Dataset entries:
..............................

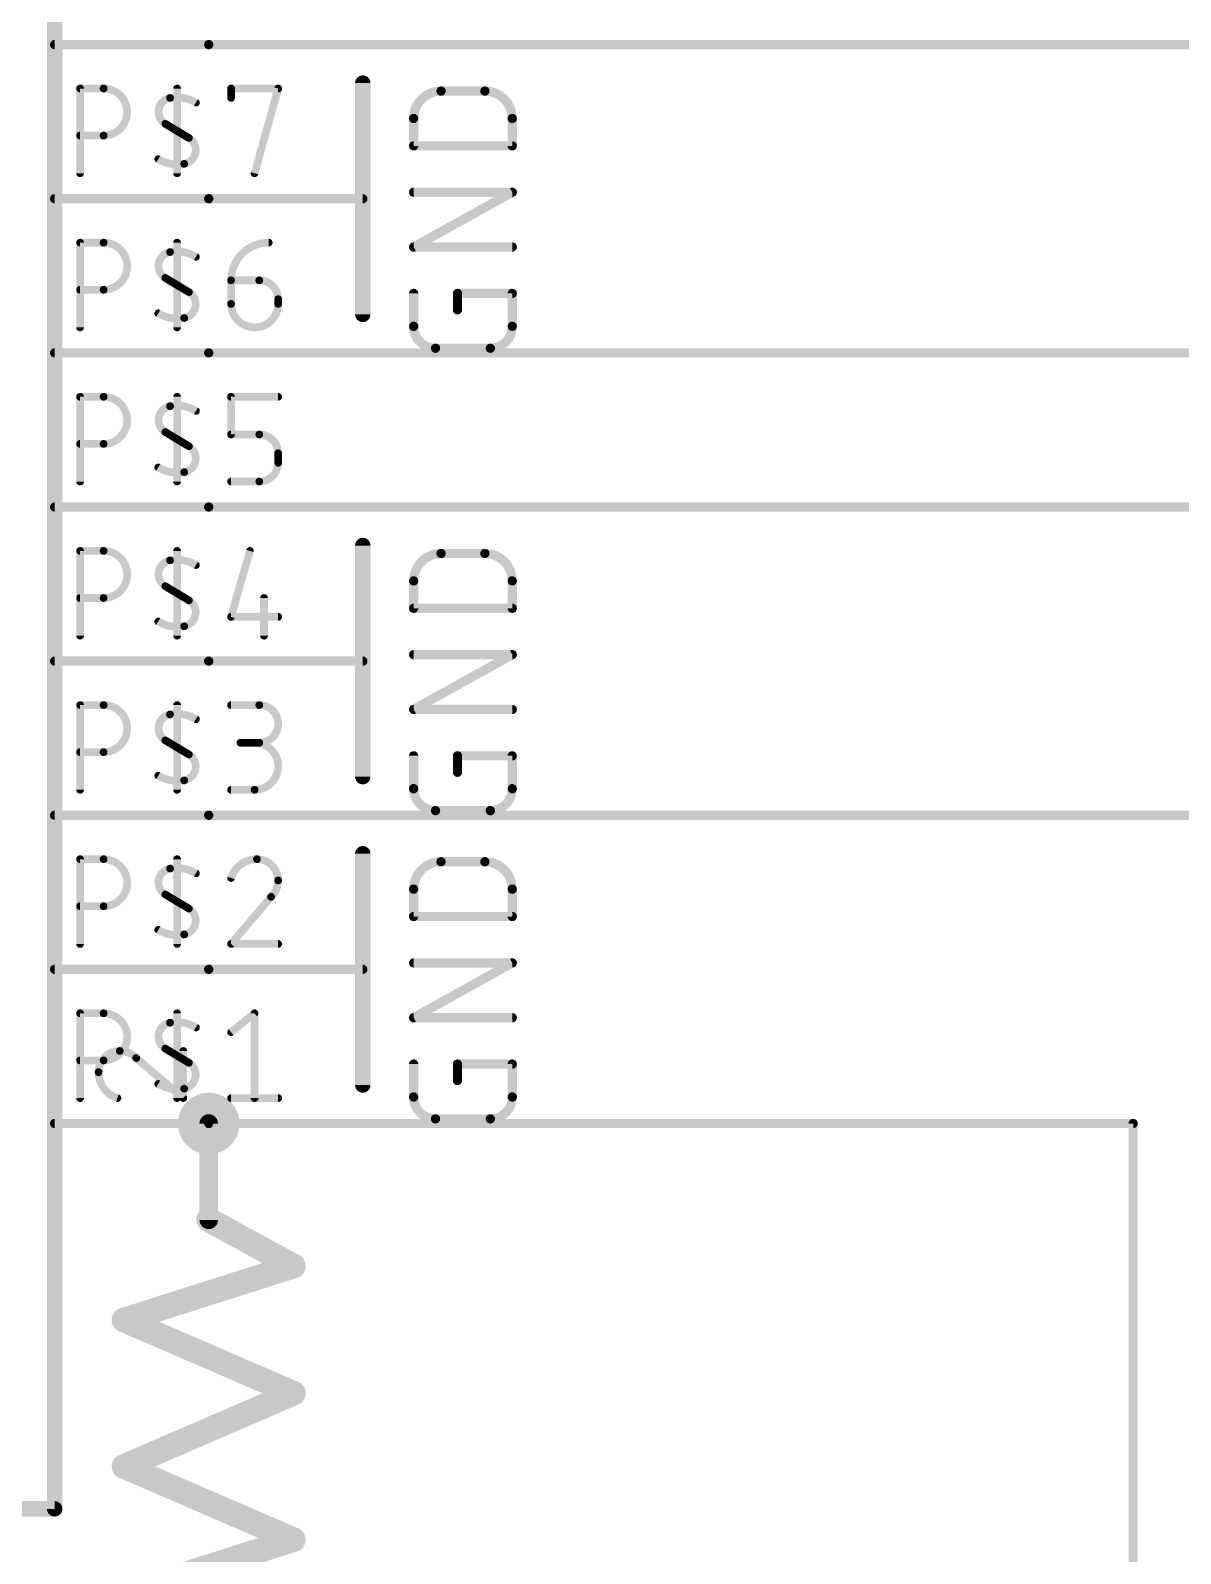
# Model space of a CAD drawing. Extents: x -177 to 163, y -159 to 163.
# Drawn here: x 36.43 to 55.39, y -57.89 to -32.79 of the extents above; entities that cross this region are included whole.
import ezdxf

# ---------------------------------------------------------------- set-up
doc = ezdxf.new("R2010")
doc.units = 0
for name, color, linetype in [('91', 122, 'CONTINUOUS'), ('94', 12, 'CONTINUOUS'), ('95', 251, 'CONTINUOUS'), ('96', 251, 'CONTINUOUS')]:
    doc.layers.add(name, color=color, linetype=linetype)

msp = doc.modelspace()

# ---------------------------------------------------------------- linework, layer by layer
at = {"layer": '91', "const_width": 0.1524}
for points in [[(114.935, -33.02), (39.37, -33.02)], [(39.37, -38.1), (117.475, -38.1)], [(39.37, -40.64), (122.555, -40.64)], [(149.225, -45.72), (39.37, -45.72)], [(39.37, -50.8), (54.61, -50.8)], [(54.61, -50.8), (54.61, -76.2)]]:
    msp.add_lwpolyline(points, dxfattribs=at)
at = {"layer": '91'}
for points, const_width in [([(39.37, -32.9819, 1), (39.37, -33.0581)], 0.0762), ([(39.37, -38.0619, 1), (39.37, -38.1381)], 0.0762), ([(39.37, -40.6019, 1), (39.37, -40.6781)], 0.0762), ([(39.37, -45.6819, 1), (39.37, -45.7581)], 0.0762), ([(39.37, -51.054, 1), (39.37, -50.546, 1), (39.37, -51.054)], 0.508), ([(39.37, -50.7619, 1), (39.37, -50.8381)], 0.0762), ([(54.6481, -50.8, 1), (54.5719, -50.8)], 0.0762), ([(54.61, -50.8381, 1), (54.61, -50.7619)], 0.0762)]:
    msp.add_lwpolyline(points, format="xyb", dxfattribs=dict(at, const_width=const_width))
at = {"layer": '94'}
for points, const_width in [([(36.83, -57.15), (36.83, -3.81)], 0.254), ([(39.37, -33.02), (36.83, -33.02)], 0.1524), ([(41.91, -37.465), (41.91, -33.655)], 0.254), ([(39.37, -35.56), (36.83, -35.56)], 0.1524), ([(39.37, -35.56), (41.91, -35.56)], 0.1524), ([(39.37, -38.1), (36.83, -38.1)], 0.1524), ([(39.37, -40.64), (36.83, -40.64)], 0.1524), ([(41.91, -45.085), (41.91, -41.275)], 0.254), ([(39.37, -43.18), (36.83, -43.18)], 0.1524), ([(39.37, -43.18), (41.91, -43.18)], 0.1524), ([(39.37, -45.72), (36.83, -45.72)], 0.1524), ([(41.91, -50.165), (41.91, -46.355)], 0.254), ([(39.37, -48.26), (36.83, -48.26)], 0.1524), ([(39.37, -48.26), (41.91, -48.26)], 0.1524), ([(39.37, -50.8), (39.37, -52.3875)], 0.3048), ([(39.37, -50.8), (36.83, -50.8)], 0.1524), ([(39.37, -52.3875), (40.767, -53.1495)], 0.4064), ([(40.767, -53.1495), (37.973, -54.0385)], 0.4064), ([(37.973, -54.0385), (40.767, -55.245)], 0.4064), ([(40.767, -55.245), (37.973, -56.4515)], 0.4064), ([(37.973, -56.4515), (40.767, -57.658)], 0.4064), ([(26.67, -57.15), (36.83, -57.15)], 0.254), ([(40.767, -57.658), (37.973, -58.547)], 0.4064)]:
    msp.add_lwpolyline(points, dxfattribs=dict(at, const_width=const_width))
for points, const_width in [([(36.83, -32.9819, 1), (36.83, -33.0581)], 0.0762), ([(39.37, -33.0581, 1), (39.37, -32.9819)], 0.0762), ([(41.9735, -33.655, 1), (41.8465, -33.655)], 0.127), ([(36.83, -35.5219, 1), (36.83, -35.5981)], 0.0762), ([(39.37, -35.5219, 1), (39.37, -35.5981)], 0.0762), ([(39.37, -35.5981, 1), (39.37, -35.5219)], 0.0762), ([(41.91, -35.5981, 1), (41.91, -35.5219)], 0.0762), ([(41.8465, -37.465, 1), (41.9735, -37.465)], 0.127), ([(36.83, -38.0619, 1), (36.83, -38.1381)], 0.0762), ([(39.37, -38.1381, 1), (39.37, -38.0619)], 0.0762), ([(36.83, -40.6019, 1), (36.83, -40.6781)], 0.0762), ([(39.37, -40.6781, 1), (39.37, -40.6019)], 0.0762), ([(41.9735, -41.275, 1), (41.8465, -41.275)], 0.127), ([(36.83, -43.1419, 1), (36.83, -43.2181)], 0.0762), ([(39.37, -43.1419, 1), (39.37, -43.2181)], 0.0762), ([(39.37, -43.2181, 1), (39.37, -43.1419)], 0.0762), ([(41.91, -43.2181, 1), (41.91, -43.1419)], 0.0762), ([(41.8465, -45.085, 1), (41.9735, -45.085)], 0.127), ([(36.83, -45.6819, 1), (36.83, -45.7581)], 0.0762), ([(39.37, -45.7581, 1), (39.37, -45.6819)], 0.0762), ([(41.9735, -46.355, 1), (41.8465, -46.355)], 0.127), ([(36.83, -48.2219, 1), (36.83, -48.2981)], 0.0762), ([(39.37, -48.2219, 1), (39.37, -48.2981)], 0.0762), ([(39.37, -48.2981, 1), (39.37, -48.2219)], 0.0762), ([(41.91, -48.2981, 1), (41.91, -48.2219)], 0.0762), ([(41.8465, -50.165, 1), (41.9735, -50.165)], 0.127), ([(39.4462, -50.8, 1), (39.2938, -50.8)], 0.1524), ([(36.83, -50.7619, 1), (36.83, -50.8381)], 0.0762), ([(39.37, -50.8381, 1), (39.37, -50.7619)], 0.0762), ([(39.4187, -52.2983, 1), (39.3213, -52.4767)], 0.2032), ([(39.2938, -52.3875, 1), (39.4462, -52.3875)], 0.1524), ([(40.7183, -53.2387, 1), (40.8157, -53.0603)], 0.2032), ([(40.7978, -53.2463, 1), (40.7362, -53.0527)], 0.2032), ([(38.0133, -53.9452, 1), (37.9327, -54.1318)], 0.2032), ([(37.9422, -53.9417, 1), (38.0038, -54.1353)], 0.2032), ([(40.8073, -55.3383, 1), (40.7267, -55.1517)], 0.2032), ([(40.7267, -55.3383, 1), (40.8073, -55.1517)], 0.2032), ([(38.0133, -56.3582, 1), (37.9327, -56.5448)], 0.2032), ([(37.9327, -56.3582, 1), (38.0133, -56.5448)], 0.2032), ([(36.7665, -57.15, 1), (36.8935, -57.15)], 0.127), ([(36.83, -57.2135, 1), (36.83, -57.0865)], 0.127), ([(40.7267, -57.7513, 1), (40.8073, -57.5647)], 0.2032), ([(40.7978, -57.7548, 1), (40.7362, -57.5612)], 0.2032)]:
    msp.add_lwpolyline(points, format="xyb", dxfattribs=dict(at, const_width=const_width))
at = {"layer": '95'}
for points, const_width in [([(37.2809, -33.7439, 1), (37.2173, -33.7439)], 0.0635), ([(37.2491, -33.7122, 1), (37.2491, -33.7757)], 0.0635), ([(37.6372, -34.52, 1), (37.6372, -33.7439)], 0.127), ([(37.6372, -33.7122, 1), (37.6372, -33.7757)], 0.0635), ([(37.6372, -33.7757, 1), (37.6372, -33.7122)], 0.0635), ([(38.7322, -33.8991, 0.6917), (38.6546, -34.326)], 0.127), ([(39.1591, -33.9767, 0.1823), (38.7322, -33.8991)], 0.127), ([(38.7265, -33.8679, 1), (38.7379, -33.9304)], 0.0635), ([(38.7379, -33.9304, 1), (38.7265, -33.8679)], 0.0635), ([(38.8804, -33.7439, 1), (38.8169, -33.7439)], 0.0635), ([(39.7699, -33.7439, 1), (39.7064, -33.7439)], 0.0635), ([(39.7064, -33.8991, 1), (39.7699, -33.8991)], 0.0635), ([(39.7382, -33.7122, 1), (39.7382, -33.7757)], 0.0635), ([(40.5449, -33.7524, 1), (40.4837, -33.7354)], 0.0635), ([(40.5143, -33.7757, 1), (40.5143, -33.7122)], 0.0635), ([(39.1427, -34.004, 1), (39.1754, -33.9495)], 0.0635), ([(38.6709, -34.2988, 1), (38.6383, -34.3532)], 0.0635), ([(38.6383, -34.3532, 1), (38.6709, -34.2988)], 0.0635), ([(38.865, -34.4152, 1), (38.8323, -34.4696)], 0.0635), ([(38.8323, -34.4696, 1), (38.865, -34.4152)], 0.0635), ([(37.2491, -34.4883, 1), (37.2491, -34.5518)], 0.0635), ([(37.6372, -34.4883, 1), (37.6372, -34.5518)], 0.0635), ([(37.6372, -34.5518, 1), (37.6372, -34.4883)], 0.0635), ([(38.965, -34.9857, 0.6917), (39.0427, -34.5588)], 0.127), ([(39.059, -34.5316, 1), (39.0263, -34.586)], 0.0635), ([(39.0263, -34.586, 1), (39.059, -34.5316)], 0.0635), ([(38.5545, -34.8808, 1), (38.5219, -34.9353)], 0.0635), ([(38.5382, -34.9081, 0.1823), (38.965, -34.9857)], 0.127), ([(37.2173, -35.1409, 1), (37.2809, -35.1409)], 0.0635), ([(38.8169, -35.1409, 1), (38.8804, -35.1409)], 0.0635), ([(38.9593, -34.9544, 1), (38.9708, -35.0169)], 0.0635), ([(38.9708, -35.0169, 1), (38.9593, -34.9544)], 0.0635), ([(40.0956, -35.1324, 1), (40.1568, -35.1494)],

..............................

Lines with "dxfattribs" in them are what the answer must contain; copy each from the records above.

Response for this exercise:
    msp.add_lwpolyline(points, dxfattribs=at)
    msp.add_lwpolyline(points, format="xyb", dxfattribs=dict(at, const_width=const_width))
    msp.add_lwpolyline(points, dxfattribs=dict(at, const_width=const_width))
    msp.add_lwpolyline(points, format="xyb", dxfattribs=dict(at, const_width=const_width))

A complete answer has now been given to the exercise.